(Saved data entries)
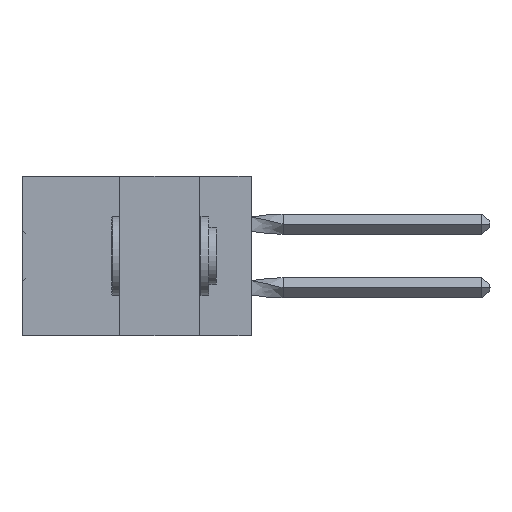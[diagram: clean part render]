
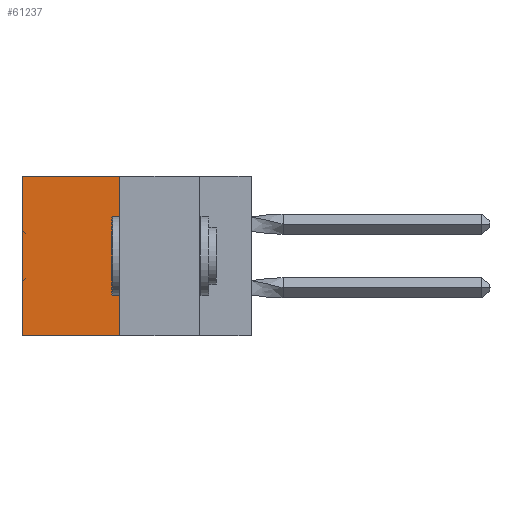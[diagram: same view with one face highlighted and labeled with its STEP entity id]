
A CAD part, left-side view. The second image highlights one B-rep face of the part: STEP entity #61237.
In plain terms, the highlighted planar face has unit normal (-1, 0, 0).
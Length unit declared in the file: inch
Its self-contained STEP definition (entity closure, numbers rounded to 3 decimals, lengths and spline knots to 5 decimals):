
#546 = DIRECTION ( 'NONE',  ( 0., 0., -1. ) ) ;
#972 = DIRECTION ( 'NONE',  ( 1., 0., 0. ) ) ;
#2047 = LINE ( 'NONE', #14438, #13166 ) ;
#2955 = VERTEX_POINT ( 'NONE', #42833 ) ;
#2965 = EDGE_CURVE ( 'NONE', #12762, #23542, #2047, .T. ) ;
#6923 = LINE ( 'NONE', #40313, #39556 ) ;
#12762 = VERTEX_POINT ( 'NONE', #25641 ) ;
#13166 = VECTOR ( 'NONE', #28747, 39.37008 ) ;
#14257 = CARTESIAN_POINT ( 'NONE',  ( 0.305, 0.413, -0.5 ) ) ;
#14438 = CARTESIAN_POINT ( 'NONE',  ( 0.305, 0.413, 0. ) ) ;
#14887 = ORIENTED_EDGE ( 'NONE', *, *, #21448, .T. ) ;
#16724 = DIRECTION ( 'NONE',  ( 0., 1., 0. ) ) ;
#16850 = ORIENTED_EDGE ( 'NONE', *, *, #57726, .F. ) ;
#16949 = ORIENTED_EDGE ( 'NONE', *, *, #2965, .T. ) ;
#18459 = CARTESIAN_POINT ( 'NONE',  ( 0.305, 0.413, -0.5 ) ) ;
#21448 = EDGE_CURVE ( 'NONE', #23542, #2955, #41095, .T. ) ;
#22176 = EDGE_CURVE ( 'NONE', #12762, #38822, #29227, .T. ) ;
#23542 = VERTEX_POINT ( 'NONE', #50065 ) ;
#23857 = DIRECTION ( 'NONE',  ( 0., 0., -1. ) ) ;
#25641 = CARTESIAN_POINT ( 'NONE',  ( 0.305, 0.413, 0. ) ) ;
#28347 = DIRECTION ( 'NONE',  ( 0., 0., -1. ) ) ;
#28747 = DIRECTION ( 'NONE',  ( 0., 1., 0. ) ) ;
#29227 = LINE ( 'NONE', #14257, #38092 ) ;
#36047 = FACE_OUTER_BOUND ( 'NONE', #58927, .T. ) ;
#38092 = VECTOR ( 'NONE', #28347, 39.37008 ) ;
#38446 = PLANE ( 'NONE',  #44227 ) ;
#38822 = VERTEX_POINT ( 'NONE', #18459 ) ;
#38938 = VECTOR ( 'NONE', #23857, 39.37008 ) ;
#39556 = VECTOR ( 'NONE', #16724, 39.37008 ) ;
#40313 = CARTESIAN_POINT ( 'NONE',  ( 0.305, 0.413, -0.5 ) ) ;
#41095 = LINE ( 'NONE', #42683, #38938 ) ;
#42683 = CARTESIAN_POINT ( 'NONE',  ( 0.305, 0.72, -0.5 ) ) ;
#42833 = CARTESIAN_POINT ( 'NONE',  ( 0.305, 0.72, -0.5 ) ) ;
#43018 = CARTESIAN_POINT ( 'NONE',  ( 0.305, 0.413, -0.5 ) ) ;
#44227 = AXIS2_PLACEMENT_3D ( 'NONE', #43018, #972, #546 ) ;
#50065 = CARTESIAN_POINT ( 'NONE',  ( 0.305, 0.72, 0. ) ) ;
#51054 = ORIENTED_EDGE ( 'NONE', *, *, #22176, .F. ) ;
#57726 = EDGE_CURVE ( 'NONE', #38822, #2955, #6923, .T. ) ;
#58927 = EDGE_LOOP ( 'NONE', ( #14887, #16850, #51054, #16949 ) ) ;
#61237 = ADVANCED_FACE ( 'NONE', ( #36047 ), #38446, .F. ) ;
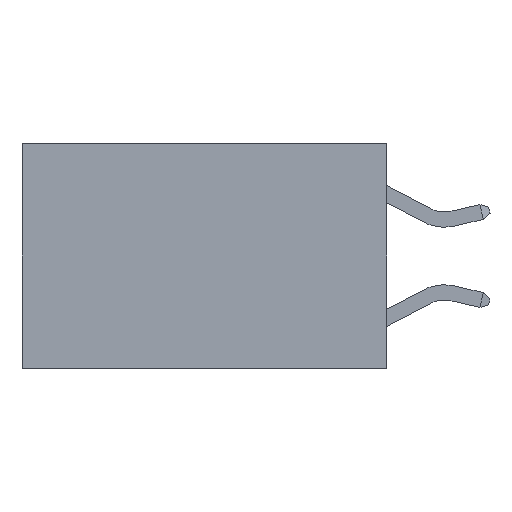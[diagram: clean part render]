
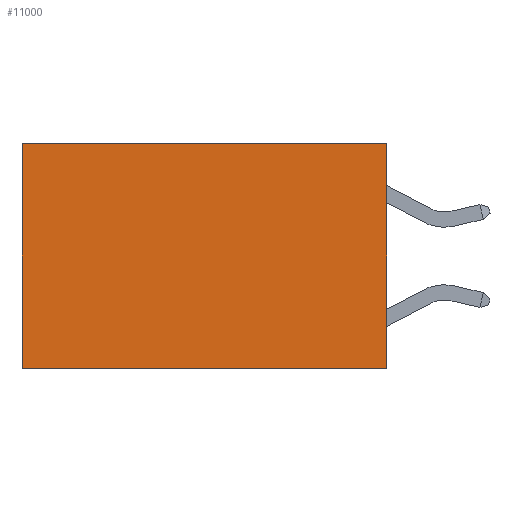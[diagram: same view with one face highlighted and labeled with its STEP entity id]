
A CAD part, left-side view. The second image highlights one B-rep face of the part: STEP entity #11000.
In plain terms, the highlighted planar face has unit normal (-1, 0, 0).
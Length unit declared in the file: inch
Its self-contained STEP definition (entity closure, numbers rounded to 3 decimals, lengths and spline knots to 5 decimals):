
#1090 = DIRECTION ( 'NONE',  ( 0., 1., 0. ) ) ;
#1258 = CARTESIAN_POINT ( 'NONE',  ( 0.2625, 0., 0. ) ) ;
#1412 = CARTESIAN_POINT ( 'NONE',  ( 0.2625, 0., 0. ) ) ;
#1840 = LINE ( 'NONE', #15836, #14923 ) ;
#1896 = ORIENTED_EDGE ( 'NONE', *, *, #14728, .F. ) ;
#2210 = VERTEX_POINT ( 'NONE', #6102 ) ;
#2511 = DIRECTION ( 'NONE',  ( 1., 0., 0. ) ) ;
#3548 = DIRECTION ( 'NONE',  ( 0., 0., -1. ) ) ;
#3980 = DIRECTION ( 'NONE',  ( 0., 0., -1. ) ) ;
#4825 = CARTESIAN_POINT ( 'NONE',  ( 0.2625, 0., -0.37 ) ) ;
#4854 = EDGE_CURVE ( 'NONE', #14739, #2210, #11388, .T. ) ;
#5264 = EDGE_CURVE ( 'NONE', #11092, #12223, #1840, .T. ) ;
#5397 = LINE ( 'NONE', #15743, #14717 ) ;
#5436 = CARTESIAN_POINT ( 'NONE',  ( 0.2625, 0., -0.37 ) ) ;
#5807 = LINE ( 'NONE', #10174, #11552 ) ;
#6102 = CARTESIAN_POINT ( 'NONE',  ( 0.2625, 0.6, -0.37 ) ) ;
#6691 = DIRECTION ( 'NONE',  ( 0., 1., 0. ) ) ;
#7387 = VECTOR ( 'NONE', #6691, 39.37008 ) ;
#8261 = EDGE_LOOP ( 'NONE', ( #9498, #15541, #1896, #14774 ) ) ;
#8651 = AXIS2_PLACEMENT_3D ( 'NONE', #1258, #2511, #11209 ) ;
#9498 = ORIENTED_EDGE ( 'NONE', *, *, #12990, .T. ) ;
#10174 = CARTESIAN_POINT ( 'NONE',  ( 0.2625, 0.6, 0. ) ) ;
#11000 = ADVANCED_FACE ( 'NONE', ( #13284 ), #12373, .F. ) ;
#11092 = VERTEX_POINT ( 'NONE', #1412 ) ;
#11209 = DIRECTION ( 'NONE',  ( 0., 0., -1. ) ) ;
#11388 = LINE ( 'NONE', #5436, #7387 ) ;
#11552 = VECTOR ( 'NONE', #3980, 39.37008 ) ;
#12223 = VERTEX_POINT ( 'NONE', #15745 ) ;
#12373 = PLANE ( 'NONE',  #8651 ) ;
#12990 = EDGE_CURVE ( 'NONE', #12223, #2210, #5807, .T. ) ;
#13284 = FACE_OUTER_BOUND ( 'NONE', #8261, .T. ) ;
#14717 = VECTOR ( 'NONE', #3548, 39.37008 ) ;
#14728 = EDGE_CURVE ( 'NONE', #11092, #14739, #5397, .T. ) ;
#14739 = VERTEX_POINT ( 'NONE', #4825 ) ;
#14774 = ORIENTED_EDGE ( 'NONE', *, *, #5264, .T. ) ;
#14923 = VECTOR ( 'NONE', #1090, 39.37008 ) ;
#15541 = ORIENTED_EDGE ( 'NONE', *, *, #4854, .F. ) ;
#15743 = CARTESIAN_POINT ( 'NONE',  ( 0.2625, 0., 0. ) ) ;
#15745 = CARTESIAN_POINT ( 'NONE',  ( 0.2625, 0.6, 0. ) ) ;
#15836 = CARTESIAN_POINT ( 'NONE',  ( 0.2625, 0., 0. ) ) ;
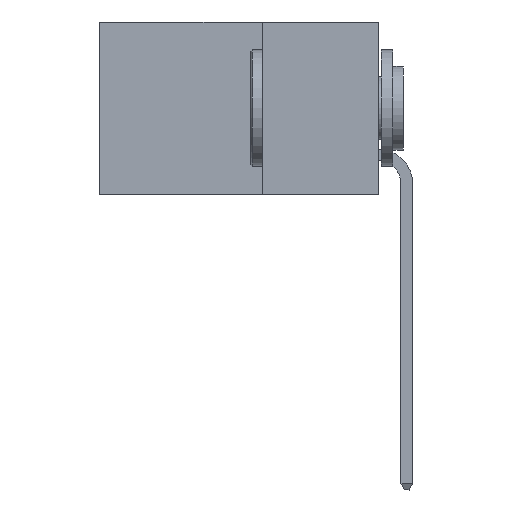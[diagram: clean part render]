
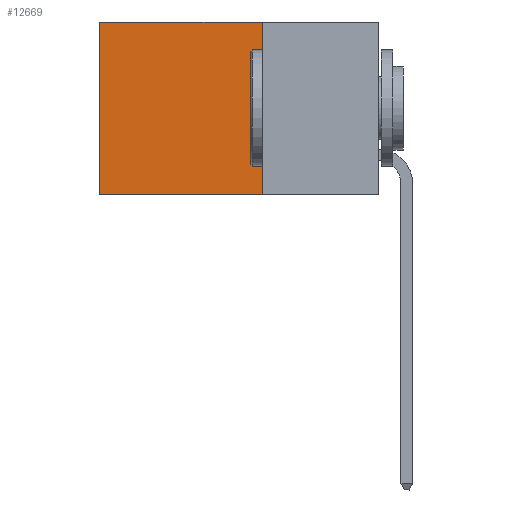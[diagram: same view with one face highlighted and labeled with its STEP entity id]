
A CAD part, left-side view. The second image highlights one B-rep face of the part: STEP entity #12669.
In plain terms, the highlighted planar face has unit normal (-1, 0, 0).
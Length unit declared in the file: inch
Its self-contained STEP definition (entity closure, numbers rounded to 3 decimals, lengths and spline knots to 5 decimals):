
#64 = ORIENTED_EDGE ( 'NONE', *, *, #7259, .F. ) ;
#382 = CARTESIAN_POINT ( 'NONE',  ( 0.298, 0.25, 0. ) ) ;
#548 = VERTEX_POINT ( 'NONE', #9180 ) ;
#573 = PLANE ( 'NONE',  #6172 ) ;
#3519 = CARTESIAN_POINT ( 'NONE',  ( 0.298, 0.25, -0.37 ) ) ;
#4064 = LINE ( 'NONE', #24174, #17753 ) ;
#5087 = ORIENTED_EDGE ( 'NONE', *, *, #14591, .F. ) ;
#6000 = CARTESIAN_POINT ( 'NONE',  ( 0.298, 0.25, 0. ) ) ;
#6172 = AXIS2_PLACEMENT_3D ( 'NONE', #382, #24868, #10607 ) ;
#7180 = DIRECTION ( 'NONE',  ( 0., 0., -1. ) ) ;
#7259 = EDGE_CURVE ( 'NONE', #17671, #548, #24585, .T. ) ;
#7430 = CARTESIAN_POINT ( 'NONE',  ( 0.298, 0.25, 0. ) ) ;
#7711 = EDGE_LOOP ( 'NONE', ( #11514, #5087, #64, #19306 ) ) ;
#8209 = CARTESIAN_POINT ( 'NONE',  ( 0.298, 0.25, 0. ) ) ;
#9033 = FACE_OUTER_BOUND ( 'NONE', #7711, .T. ) ;
#9180 = CARTESIAN_POINT ( 'NONE',  ( 0.298, 0.25, -0.37 ) ) ;
#10607 = DIRECTION ( 'NONE',  ( 0., 0., -1. ) ) ;
#11514 = ORIENTED_EDGE ( 'NONE', *, *, #13599, .T. ) ;
#12669 = ADVANCED_FACE ( 'NONE', ( #9033 ), #573, .F. ) ;
#13055 = EDGE_CURVE ( 'NONE', #17671, #13685, #23007, .T. ) ;
#13599 = EDGE_CURVE ( 'NONE', #13685, #18985, #4064, .T. ) ;
#13685 = VERTEX_POINT ( 'NONE', #20513 ) ;
#14037 = DIRECTION ( 'NONE',  ( 0., 0., -1. ) ) ;
#14591 = EDGE_CURVE ( 'NONE', #548, #18985, #23757, .T. ) ;
#16326 = VECTOR ( 'NONE', #18861, 39.37008 ) ;
#17671 = VERTEX_POINT ( 'NONE', #8209 ) ;
#17753 = VECTOR ( 'NONE', #14037, 39.37008 ) ;
#18861 = DIRECTION ( 'NONE',  ( 0., 1., 0. ) ) ;
#18985 = VERTEX_POINT ( 'NONE', #25038 ) ;
#19306 = ORIENTED_EDGE ( 'NONE', *, *, #13055, .T. ) ;
#19817 = DIRECTION ( 'NONE',  ( 0., 1., 0. ) ) ;
#20513 = CARTESIAN_POINT ( 'NONE',  ( 0.298, 0.6, 0. ) ) ;
#21450 = VECTOR ( 'NONE', #7180, 39.37008 ) ;
#23007 = LINE ( 'NONE', #6000, #16326 ) ;
#23757 = LINE ( 'NONE', #3519, #25344 ) ;
#24174 = CARTESIAN_POINT ( 'NONE',  ( 0.298, 0.6, 0. ) ) ;
#24585 = LINE ( 'NONE', #7430, #21450 ) ;
#24868 = DIRECTION ( 'NONE',  ( 1., 0., 0. ) ) ;
#25038 = CARTESIAN_POINT ( 'NONE',  ( 0.298, 0.6, -0.37 ) ) ;
#25344 = VECTOR ( 'NONE', #19817, 39.37008 ) ;

[THE TASK] The entries above hold the needed span. Transcribe exactly the lines from the one with "#10174 = CARTESIAN_POINT" to the one with "#12990 = EDGE_CURVE", both included.

[COMPLETED EXERCISE]
#10174 = CARTESIAN_POINT ( 'NONE',  ( 0.2625, 0.6, 0. ) ) ;
#11000 = ADVANCED_FACE ( 'NONE', ( #13284 ), #12373, .F. ) ;
#11092 = VERTEX_POINT ( 'NONE', #1412 ) ;
#11209 = DIRECTION ( 'NONE',  ( 0., 0., -1. ) ) ;
#11388 = LINE ( 'NONE', #5436, #7387 ) ;
#11552 = VECTOR ( 'NONE', #3980, 39.37008 ) ;
#12223 = VERTEX_POINT ( 'NONE', #15745 ) ;
#12373 = PLANE ( 'NONE',  #8651 ) ;
#12990 = EDGE_CURVE ( 'NONE', #12223, #2210, #5807, .T. ) ;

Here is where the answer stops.